Under the basal condition, there was no correlation between the activity of Rho GTPases and spine volume (Supplementary Fig. 4). When spine structural plasticity was induced, both RhoA (Fig. 1a, b) and Cdc42 (Fig. 2a, b) were activated rapidly within ~30 s in the stimulated spines. The activation decayed over ~5 min, followed by sustained activity lasting more than 30 min. RhoA activation spread into the dendrites over several micrometers (Fig. 1a–c, 3a, b), and slightly invaded surrounding spines (~25% of the stimulated spines). In contrast, Cdc42 activation was restricted to the stimulated spines (Fig. 2a–c, 3c, d). For both RhoA and Cdc42, the gradient at the spine necks was maintained more than ~30 min (Fig. 1b, c, 2b, c).

Next, we pharmacologically identified the signalling pathways that activates RhoA and Cdc42. Inhibition of NMDA receptors with 2-amino-5-phosphonopentanoic acid (AP5, 50 μM) abolished activation of RhoA (Fig. 1b, c) and Cdc42 (Fig. 2b, c) as well as spine enlargement (Figs. 1d, e, 2d, e)14, indicating that RhoA and Cdc42 are activated by Ca2+ through NMDA receptors. The CaMKII inhibitor KN62 is known to strongly inhibit sustained spine enlargement, but has significantly less of an effect on transient spine enlargement (Figs. 1d, e, 2d, e)13,14. KN62 (10 μM) partially inhibited RhoA and Cdc42 activation during the transient phase, and more strongly during the sustained phase. (Figs. 1b, c, 2b, c). Expression of autocamtide CaMKII inhibitor peptide 2 (AIP2) also inhibited spine volume change and Rho GTPase activation in a similar manner (Supplementary Fig. 5). These results suggest that RhoA and Cdc42 are downstream of CaMKII.

We next characterized the spatial profile of RhoA and Cdc42 activities along dendrites as a function of the distance from the stimulated spines (Fig. 3). RhoA activity showed a relatively small gradient between the stimulated spines and dendrites, and spread along the dendrites.
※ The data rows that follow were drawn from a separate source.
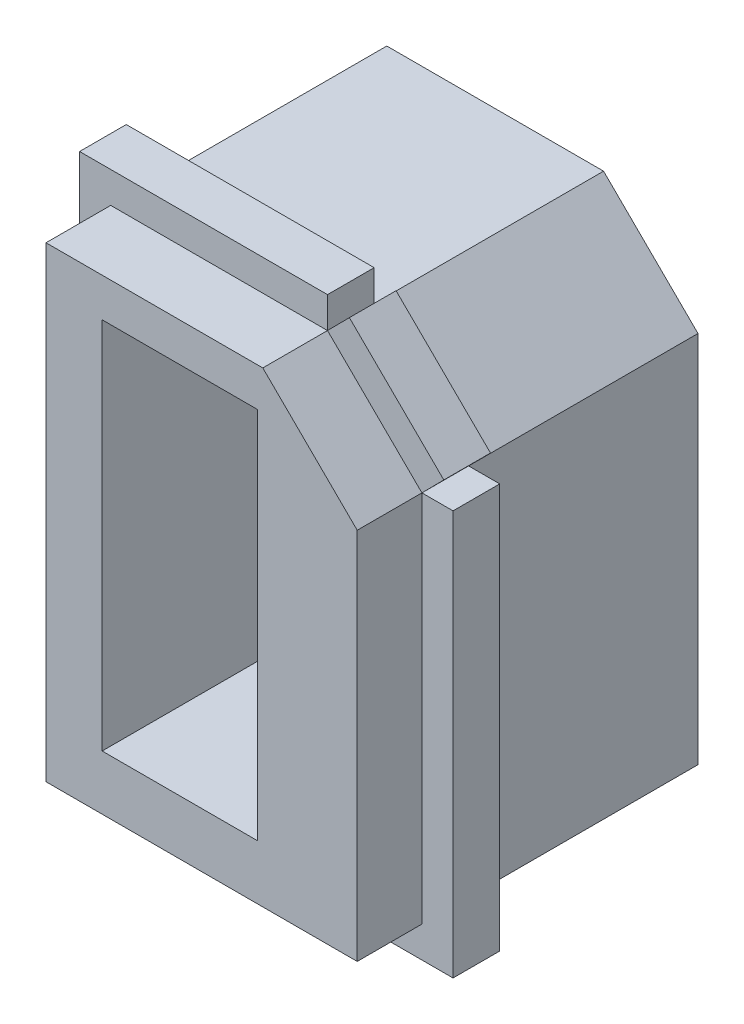
from build123d import *

# Parameters (mm, degrees)
SKETCH1_W           = 5
SKETCH1_H           = 12
BOSS_EXTRUDE1_DEPTH = 10.95
SKETCH6_W           = 6.966027875
SKETCH6_H           = 1.5
BOSS_EXTRUDE2_DEPTH = 1
SKETCH4_W           = 10
SKETCH4_H           = 1.5
BOSS_EXTRUDE4_DEPTH = 1
SKETCH9_W           = 1.5
SKETCH9_H           = 17
BOSS_EXTRUDE5_DEPTH = 1
SKETCH10_W          = 1.5
SKETCH10_H          = 13
BOSS_EXTRUDE6_DEPTH = 1
SKETCH11_W          = 4.266730231
SKETCH11_H          = 1.5
BOSS_EXTRUDE7_DEPTH = 1


with BuildPart() as part:
    # Sketch1 → Boss-Extrude1 (new body)
    with BuildSketch(Plane.XY):
        Polygon((0, 0), (-10, 0), (-10, 15), (-3.033972125, 15), (0, 12), align=None)
        with Locations((-5.696428571, 7.758057491)):
            Rectangle(SKETCH1_W, SKETCH1_H, mode=Mode.SUBTRACT)
    extrude(amount=BOSS_EXTRUDE1_DEPTH)

    # Sketch6 → Boss-Extrude2 (add)
    with BuildSketch(Plane(origin=(0, 15, 0), x_dir=(1, 0, 0), z_dir=(0, 1, 0))):
        with Locations((-6.516986063, -8.120873767)):
            Rectangle(SKETCH6_W, SKETCH6_H)
    extrude(amount=BOSS_EXTRUDE2_DEPTH)

    # Sketch4 → Boss-Extrude4 (add)
    with BuildSketch(Plane.XZ):
        with Locations((-5, 8.120873767)):
            Rectangle(SKETCH4_W, SKETCH4_H)
    extrude(amount=BOSS_EXTRUDE4_DEPTH)

    # Sketch9 → Boss-Extrude5 (add)
    with BuildSketch(Plane.ZY.offset(10)):
        with Locations((8.120873767, 7.5)):
            Rectangle(SKETCH9_W, SKETCH9_H)
    extrude(amount=BOSS_EXTRUDE5_DEPTH)

    # Sketch10 → Boss-Extrude6 (add)
    with BuildSketch(Plane(origin=(0, 0, 0), x_dir=(0, 0, -1), z_dir=(1, 0, 0))):
        with Locations((-8.120873767, 5.5)):
            Rectangle(SKETCH10_W, SKETCH10_H)
    extrude(amount=BOSS_EXTRUDE6_DEPTH)

    # Sketch11 → Boss-Extrude7 (add)
    with BuildSketch(Plane(origin=(5.99961963, 6.067559573, 0), x_dir=(0.7110766234784633, -0.7031145251966195, 0), z_dir=(0.7031145251966195, 0.7110766234784633, 0))):
        with Locations((-10.570739418, -8.120873767)):
            Rectangle(SKETCH11_W, SKETCH11_H)
    extrude(amount=BOSS_EXTRUDE7_DEPTH)


solid = part.part

The length constant of spread along the dendrite was 4.5 μm (Fig. 3a, b), a value similar to that for HRas (~10 μm)12. In contrast, Cdc42 activation was restricted to the stimulated spines (Fig. 3c, d), showing a spatial pattern similar to that of CaMKII13. A small fraction of Cdc42 activation spread into the dendrite and decayed sharply with a length constant of ~1.9 μm (Fig. 3c, d). These experiments were performed at room temperature (25–27°C), but similar results were also obtained at near-physiological temperature (32–34°C; Supplementary Figs. 6, 7).

To test whether the difference in the degree of the compartmentalization of RhoA and Cdc42 is due to a difference in their mobility12,13 we measured spine-dendrite diffusion coupling using photoactivatable GFP (paGFP)20 fused to Rho GTPases. Following photoactivation of paGFP in a spine, the fluorescence intensity in the spine decayed due to the diffusion of paGFP-Rho GTPases out of the spine with a time constant of ~3 s for wild-type and ~6 s for their constitutively active mutants (Fig. 3eh). These values are ~10 times larger than the decay time constant of cytosolic paGFP (~0.4 s) and similar to that of a constitutively active HRas mutant (~6 s) (Fig. 3e–h)12. The difference between wild-type Rho GTPases and constitutively active mutants presumably reflects the difference in the fraction of the protein bound to the plasma membrane, as active Rho GTPases are localized on the plasma membrane21. There was only a small fraction (10–20 %) of fluorescence remaining at 20 s after photoactivation (Fig. 3e–h), suggesting that no major immobile fraction of RhoA or Cdc42 exists in spines. Thus, Cdc42 is as mobile as RhoA and HRas, yet only Cdc42 shows the compartmentalized activity.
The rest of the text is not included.